(Source data)
..........
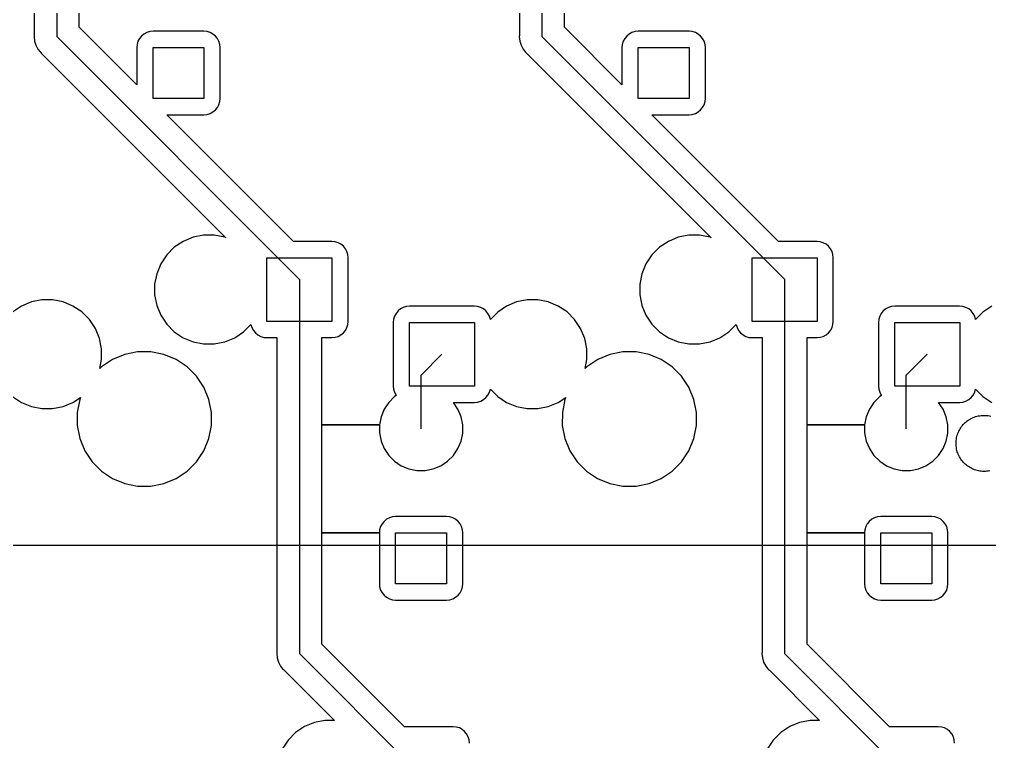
# Model space of a CAD drawing. Extents: x -29462 to 42578, y -23213 to 32194.
# Drawn here: x 19283 to 23516, y -16259 to -13109 of the extents above; entities that cross this region are included whole.
import ezdxf

# ---------------------------------------------------------------- set-up
doc = ezdxf.new("R2010")
doc.units = 0

msp = doc.modelspace()

# ---------------------------------------------------------------- linework, layer by layer
at = {"layer": 'Layer 1'}
for p, q in [((19445.9, -12170.7), (19445.9, -13184.1)), ((21562.6, -12170.7), (21562.6, -13184.1)), ((19347.8, -12380.5), (19347.8, -13179.4)), ((21464.4, -12380.5), (21464.4, -13179.4)), ((19544.472, -13143.572), (19544.4, -12760.6)), ((21661.072, -13143.572), (21661.1, -12760.6)), ((19795, -13394.1), (19544.472, -13143.572)), ((19852.0711, -13162.25467), (19838.7784, -13166.29044)), ((19865.9, -13160.9), (19852.0711, -13162.25467)), ((20088.07756, -13160.90576), (19865.9, -13160.9)), ((20101.93466, -13162.26043), (20088.07756, -13160.90576)), ((20115.22736, -13166.2962), (20101.93466, -13162.26043)), ((21911.6, -13394.1), (21661.072, -13143.572)), ((21968.6711, -13162.25467), (21955.3784, -13166.29044)), ((21982.5, -13160.9), (21968.6711, -13162.25467)), ((22204.77756, -13160.90576), (21982.5, -13160.9)), ((22218.63466, -13162.26043), (22204.77756, -13160.90576)), ((22231.92736, -13166.2962), (22218.63466, -13162.26043)), ((19347.8, -13179.4), (19347.320223, -13184.226)), ((19347.320223, -13184.226), (19349.239333, -13203.5018)), ((19349.239333, -13203.5018), (19354.855553, -13222.0438)), ((19445.9, -13184.1), (20504.23, -14242.43)), ((19800.42442, -13204.67264), (19796.38865, -13217.96534)), ((19806.97197, -13192.39594), (19800.42442, -13204.67264)), ((19815.7773, -13181.67154), (19806.97197, -13192.39594)), ((19826.53, -13172.83799), (19815.7773, -13181.67154)), ((19838.7784, -13166.29044), (19826.53, -13172.83799)), ((20127.47576, -13172.84375), (20115.22736, -13166.2962)), ((20138.22846, -13181.6773), (20127.47576, -13172.84375)), ((20147.03379, -13192.4017), (20138.22846, -13181.6773)), ((20153.58134, -13204.6784), (20147.03379, -13192.4017)), ((20157.61711, -13217.9711), (20153.58134, -13204.6784)), ((21464.4, -13179.4), (21463.920223, -13184.226)), ((21463.920223, -13184.226), (21465.839333, -13203.5018)), ((21465.839333, -13203.5018), (21471.455553, -13222.0438)), ((21562.6, -13184.1), (22620.93, -14242.43)), ((21917.02442, -13204.67264), (21912.98865, -13217.96534)), ((21923.57197, -13192.39594), (21917.02442, -13204.67264)), ((21932.3773, -13181.67154), (21923.57197, -13192.39594)), ((21943.13, -13172.83799), (21932.3773, -13181.67154)), ((21955.3784, -13166.29044), (21943.13, -13172.83799)), ((22244.17576, -13172.84375), (22231.92736, -13166.2962)), ((22254.92846, -13181.6773), (22244.17576, -13172.84375)), ((22263.73379, -13192.4017), (22254.92846, -13181.6773)), ((22270.28134, -13204.6784), (22263.73379, -13192.4017)), ((22274.31711, -13217.9711), (22270.28134, -13204.6784)), ((19354.855553, -13222.0438), (19363.971323, -13239.1182)), ((19363.971323, -13239.1182), (19373.199983, -13250.3506)), ((19795.00576, -13231.79424), (19795, -13394.1)), ((19796.38865, -13217.96534), (19795.00576, -13231.79424)), ((19865.9, -13454), (19865.9, -13231.8)), ((19865.9, -13231.8), (20088.1, -13231.8)), ((20088.1, -13231.8), (20088.1, -13454)), ((20159, -13231.8), (20157.61711, -13217.9711)), ((20159.02244, -13454.00576), (20159, -13231.8)), ((21471.455553, -13222.0438), (21480.571323, -13239.1182)), ((21480.571323, -13239.1182), (21489.799983, -13250.3506)), ((21911.60576, -13231.79424), (21911.6, -13394.1)), ((21912.98865, -13217.96534), (21911.60576, -13231.79424)), ((21982.5, -13454), (21982.5, -13231.8)), ((21982.5, -13231.8), (22204.7, -13231.8)), ((22204.7, -13231.8), (22204.7, -13454)), ((22275.7, -13231.8), (22274.31711, -13217.9711)), ((22275.62244, -13454.00576), (22275.7, -13231.8)), ((19373.199983, -13250.3506), (19373.2, -13250.4)), ((19373.2, -13250.4), (19376.27622, -13254.15355)), ((19376.27622, -13254.15355), (19380.02977, -13257.22977)), ((19380.02977, -13257.22977), (20184.10877, -14061.30877)), ((21489.799983, -13250.3506), (21489.8, -13250.4)), ((21489.8, -13250.4), (21492.87622, -13254.15355)), ((21492.87622, -13254.15355), (21496.62977, -13257.22977)), ((21496.62977, -13257.22977), (22300.70877, -14061.30877)), ((20088.1, -13454), (19865.9, -13454)), ((20157.63955, -13467.83466), (20159.02244, -13454.00576)), ((22204.7, -13454), (21982.5, -13454)), ((22274.23955, -13467.83466), (22275.62244, -13454.00576)), ((20138.2509, -13504.12846), (20147.05623, -13493.40406)), ((20147.05623, -13493.40406), (20153.60378, -13481.12736)), ((20153.60378, -13481.12736), (20157.63955, -13467.83466)), ((22254.8509, -13504.12846), (22263.65623, -13493.40406)), ((22263.65623, -13493.40406), (22270.20378, -13481.12736)), ((22270.20378, -13481.12736), (22274.23955, -13467.83466)), ((19925.853, -13524.953), (20088.1, -13524.9)), ((20478.5, -14077.6), (19925.853, -13524.953)), ((20088.1, -13524.9), (20101.9571, -13523.54533)), ((20101.9571, -13523.54533), (20115.2498, -13519.50956)), ((20115.2498, -13519.50956), (20127.4982, -13512.96201)), ((20127.4982, -13512.96201), (20138.2509, -13504.12846)), ((22042.453, -13524.953), (22204.7, -13524.9)), ((22595.1, -14077.6), (22042.453, -13524.953)), ((22204.7, -13524.9), (22218.5571, -13523.54533)), ((22218.5571, -13523.54533), (22231.8498, -13519.50956)), ((22231.8498, -13519.50956), (22244.0982, -13512.96201)), ((22244.0982, -13512.96201), (22254.8509, -13504.12846)), ((20086.6, -14050.1), (20040.7671, -14059.21577)), ((20133.39343, -14050.161), (20086.6, -14050.1)), ((20179.22633, -14059.27677), (20133.39343, -14050.161)), ((22203.3, -14050.1), (22157.4671, -14059.21577)), ((22249.99343, -14050.161), (22203.3, -14050.1)), ((22295.82633, -14059.27677), (22249.99343, -14050.161)), ((19997.6154, -14077.10867), (19958.7534, -14103.04487)), ((20040.7671, -14059.21577), (19997.6154, -14077.10867)), ((20184.10877, -14061.30877), (20179.22633, -14059.27677)), ((20646.10576, -14077.60576), (20478.5, -14077.6)), ((20659.93466, -14078.96043), (20646.10576, -14077.60576)), ((20673.22736, -14082.9962), (20659.93466, -14078.96043)), ((20685.50406, -14089.54375), (20673.22736, -14082.9962)), ((20696.22846, -14098.3773), (20685.50406, -14089.54375)), ((22114.3154, -14077.10867), (22075.4534, -14103.04487)), ((22157.4671, -14059.21577), (22114.3154, -14077.10867)), ((22300.70877, -14061.30877), (22295.82633, -14059.27677)), ((22762.80576, -14077.60576), (22595.1, -14077.6)), ((22776.63466, -14078.96043), (22762.80576, -14077.60576)), ((22789.92736, -14082.9962), (22776.63466, -14078.96043)), ((22802.20406, -14089.54375), (22789.92736, -14082.9962)), ((22812.92846, -14098.3773), (22802.20406, -14089.54375)), ((19925.7052, -14136.09307), (19899.7408, -14174.95507)), ((19958.7534, -14103.04487), (19925.7052, -14136.09307)), ((20705.06201, -14109.13), (20696.22846, -14098.3773)), ((20711.60956, -14121.3784), (20705.06201, -14109.13)), ((20715.64533, -14134.6711), (20711.60956, -14121.3784)), ((20717, -14148.5), (20715.64533, -14134.6711)), ((22042.4052, -14136.09307), (22016.4408, -14174.95507)), ((22075.4534, -14103.04487), (22042.4052, -14136.09307)), ((22821.76201, -14109.13), (22812.92846, -14098.3773)), ((22828.30956, -14121.3784), (22821.76201, -14109.13)), ((22832.34533, -14134.6711), (22828.30956, -14121.3784)), ((22833.7, -14148.5), (22832.34533, -14134.6711)), ((19899.7408, -14174.95507), (19881.8761, -14218.13507)), ((20362.8, -14426.2), (20362.8, -14148.5)), ((20362.8, -14148.5), (20646.1, -14148.5)), ((20646.1, -14148.5), (20646.1, -14426.2)), ((20716.99424, -14426.20576), (20717, -14148.5)), ((22016.4408, -14174.95507), (21998.5761, -14218.13507)), ((22479.4, -14426.2), (22479.4, -14148.5)), ((22479.4, -14148.5), (22762.8, -14148.5)), ((22762.8, -14148.5), (22762.8, -14426.2)), ((22833.69424, -14426.20576), (22833.7, -14148.5)), ((19881.8761, -14218.13507), (19872.76033, -14263.96797)), ((21998.5761, -14218.13507), (21989.46033, -14263.96797)), ((20504.3, -14242.5), (20504.3, -14287.3)), ((22620.9, -14242.5), (22620.9, -14287.3)), ((19872.76033, -14263.96797), (19872.8, -14310.7)), ((20504.3, -14287.3), (20504.3, -15874.8)), ((21989.46033, -14263.96797), (21989.4, -14310.7)), ((22620.9, -14287.3), (22620.9, -15874.8)), ((19335.2671, -14341.51577), (19292.1154, -14359.40867)), ((19381.1, -14332.4), (19335.2671, -14341.51577)), ((19427.83213, -14332.33203), (19381.1, -14332.4)), ((19473.66503, -14341.4478), (19427.83213, -14332.33203)), ((19516.84503, -14359.3407), (19473.66503, -14341.4478)), ((19872.8, -14310.7), (19881.91577, -14356.5329)), ((21451.8671, -14341.51577), (21408.7154, -14359.40867)), ((21497.7, -14332.4), (21451.8671, -14341.51577)), ((21544.43213, -14332.33203), (21497.7, -14332.4)), ((21590.26503, -14341.4478), (21544.43213, -14332.33203)), ((21633.44503, -14359.3407), (21590.26503, -14341.4478)), ((21989.4, -14310.7), (21998.51577, -14356.5329)), ((19292.1154, -14359.40867), (19253.2534, -14385.34487)), ((19555.67873, -14385.2769), (19516.84503, -14359.3407)), ((19588.72693, -14418.3251), (19555.67873, -14385.2769)), ((19881.91577, -14356.5329), (19899.78047, -14399.7129)), ((20934.8773, -14380.57154), (20926.04375, -14391.32424)), ((20945.6017, -14371.73799), (20934.8773, -14380.57154)), ((20957.8784, -14365.19044), (20945.6017, -14371.73799)), ((20971.1711, -14361.15467), (20957.8784, -14365.19044)), ((20985, -14359.8), (20971.1711, -14361.15467)), ((21268.281606, -14359.831975), (20985, -14359.8)), ((21282.110506, -14361.186645), (21268.281606, -14359.831975)), ((21295.431406, -14365.222415), (21282.110506, -14361.186645)), ((21307.679806, -14371.769965), (21295.431406, -14365.222415)), ((21318.432506, -14380.603515), (21307.679806, -14371.769965)), ((21327.237836, -14391.356215), (21318.432506, -14380.603515)), ((21369.8534, -14385.34487), (21337.8776, -14417.34887)), ((21408.7154, -14359.40867), (21369.8534, -14385.34487)), ((21672.27873, -14385.2769), (21633.44503, -14359.3407)), ((21705.32693, -14418.3251), (21672.27873, -14385.2769)), ((21998.51577, -14356.5329), (22016.38047, -14399.7129)), ((23051.4773, -14380.57154), (23042.64375, -14391.32424)), ((23062.2017, -14371.73799), (23051.4773, -14380.57154)), ((23074.4784, -14365.19044), (23062.2017, -14371.73799)), ((23087.7711, -14361.15467), (23074.4784, -14365.19044)), ((23101.6, -14359.8), (23087.7711, -14361.15467)), ((23384.981606, -14359.831975), (23101.6, -14359.8)), ((23398.810506, -14361.186645), (23384.981606, -14359.831975)), ((23412.131406, -14365.222415), (23398.810506, -14361.186645)), ((23424.379806, -14371.769965), (23412.131406, -14365.222415)), ((23435.132506, -14380.603515), (23424.379806, -14371.769965)), ((23443.937836, -14391.356215), (23435.132506, -14380.603515)), ((23486.5534, -14385.34487), (23454.5776, -14417.34887)), ((23525.4154, -14359.40867), (23486.5534, -14385.34487)), ((19614.69133, -14457.1871), (19588.72693, -14418.3251)), ((19899.78047, -14399.7129), (19925.74487, -14438.5749)), ((20646.1, -14426.2), (20362.8, -14426.2)), ((20715.63957, -14440.03466), (20716.99424, -14426.20576)), ((20914.10576, -14430.69424), (20914.1, -14708.5)), ((20915.46043, -14416.86534), (20914.10576, -14430.69424)), ((20919.4962, -14403.57264), (20915.46043, -14416.86534)), ((20926.04375, -14391.32424), (20919.4962, -14403.57264)), ((20985, -14708.5), (20985, -14430.7)), ((20985, -14430.7), (21268.3, -14430.7)), ((21268.3, -14430.7), (21268.3, -14708.5)), ((21333.785386, -14403.604615), (21327.237836, -14391.356215)), ((21337.821156, -14416.897315), (21333.785386, -14403.604615)), ((21337.8776, -14417.34887), (21337.821156, -14416.897315)), ((21731.29133, -14457.1871), (21705.32693, -14418.3251)), ((22016.38047, -14399.7129), (22042.34487, -14438.5749)), ((22762.8, -14426.2), (22479.4, -14426.2)), ((22832.33957, -14440.03466), (22833.69424, -14426.20576)), ((23032.06043, -14416.86534), (23030.70576, -14430.69424)), ((23030.70576, -14430.69424), (23030.8, -14708.5)), ((23036.0962, -14403.57264), (23032.06043, -14416.86534)), ((23042.64375, -14391.32424), (23036.0962, -14403.57264)), ((23101.6, -14708.5), (23101.6, -14430.7)), ((23101.6, -14430.7), (23385, -14430.7)), ((23385, -14430.7), (23385, -14708.5)), ((23450.485386, -14403.604615), (23443.937836, -14391.356215)), ((23454.521156, -14416.897315), (23450.485386, -14403.604615)), ((23454.5776, -14417.34887), (23454.521156, -14416.897315)), ((19632.58423, -14500.3671), (19614.69133, -14457.1871)), ((19925.74487, -14438.5749), (19958.79307, -14471.5949)), ((19958.79307, -14471.5949), (19997.65507, -14497.5593)), ((20222.4129, -14497.59133), (20261.2466, -14471.62693)), ((20261.2466, -14471.62693), (20293.2224, -14439.65113)), ((20293.2224, -14439.65113), (20293.278844, -14440.102685)), ((20293.278844, -14440.102685), (20297.314614, -14453.395385)), ((20297.314614, -14453.395385), (20303.862164, -14465.643785)), ((20303.862164, -14465.643785), (20312.667494, -14476.396485)), ((20696.2227, -14476.32846), (20705.05625, -14465.57576)), ((20705.05625, -14465.57576), (20711.6038, -14453.32736)), ((20711.6038, -14453.32736), (20715.63957, -14440.03466)), ((21749.18423, -14500.3671), (21731.29133, -14457.1871)), ((22042.34487, -14438.5749), (22075.39307, -14471.5949)), ((22075.39307, -14471.5949), (22114.25507, -14497.5593)), ((22339.0129, -14497.59133), (22377.8466, -14471.62693)), ((22377.8466, -14471.62693), (22409.8224, -14439.65113)), ((22409.8224, -14439.65113), (22409.878844, -14440.102685)), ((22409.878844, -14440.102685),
..........
* Assignment *
Write down how many lines in the data contain "layer". Add nothing else.

* Solution for this task *
2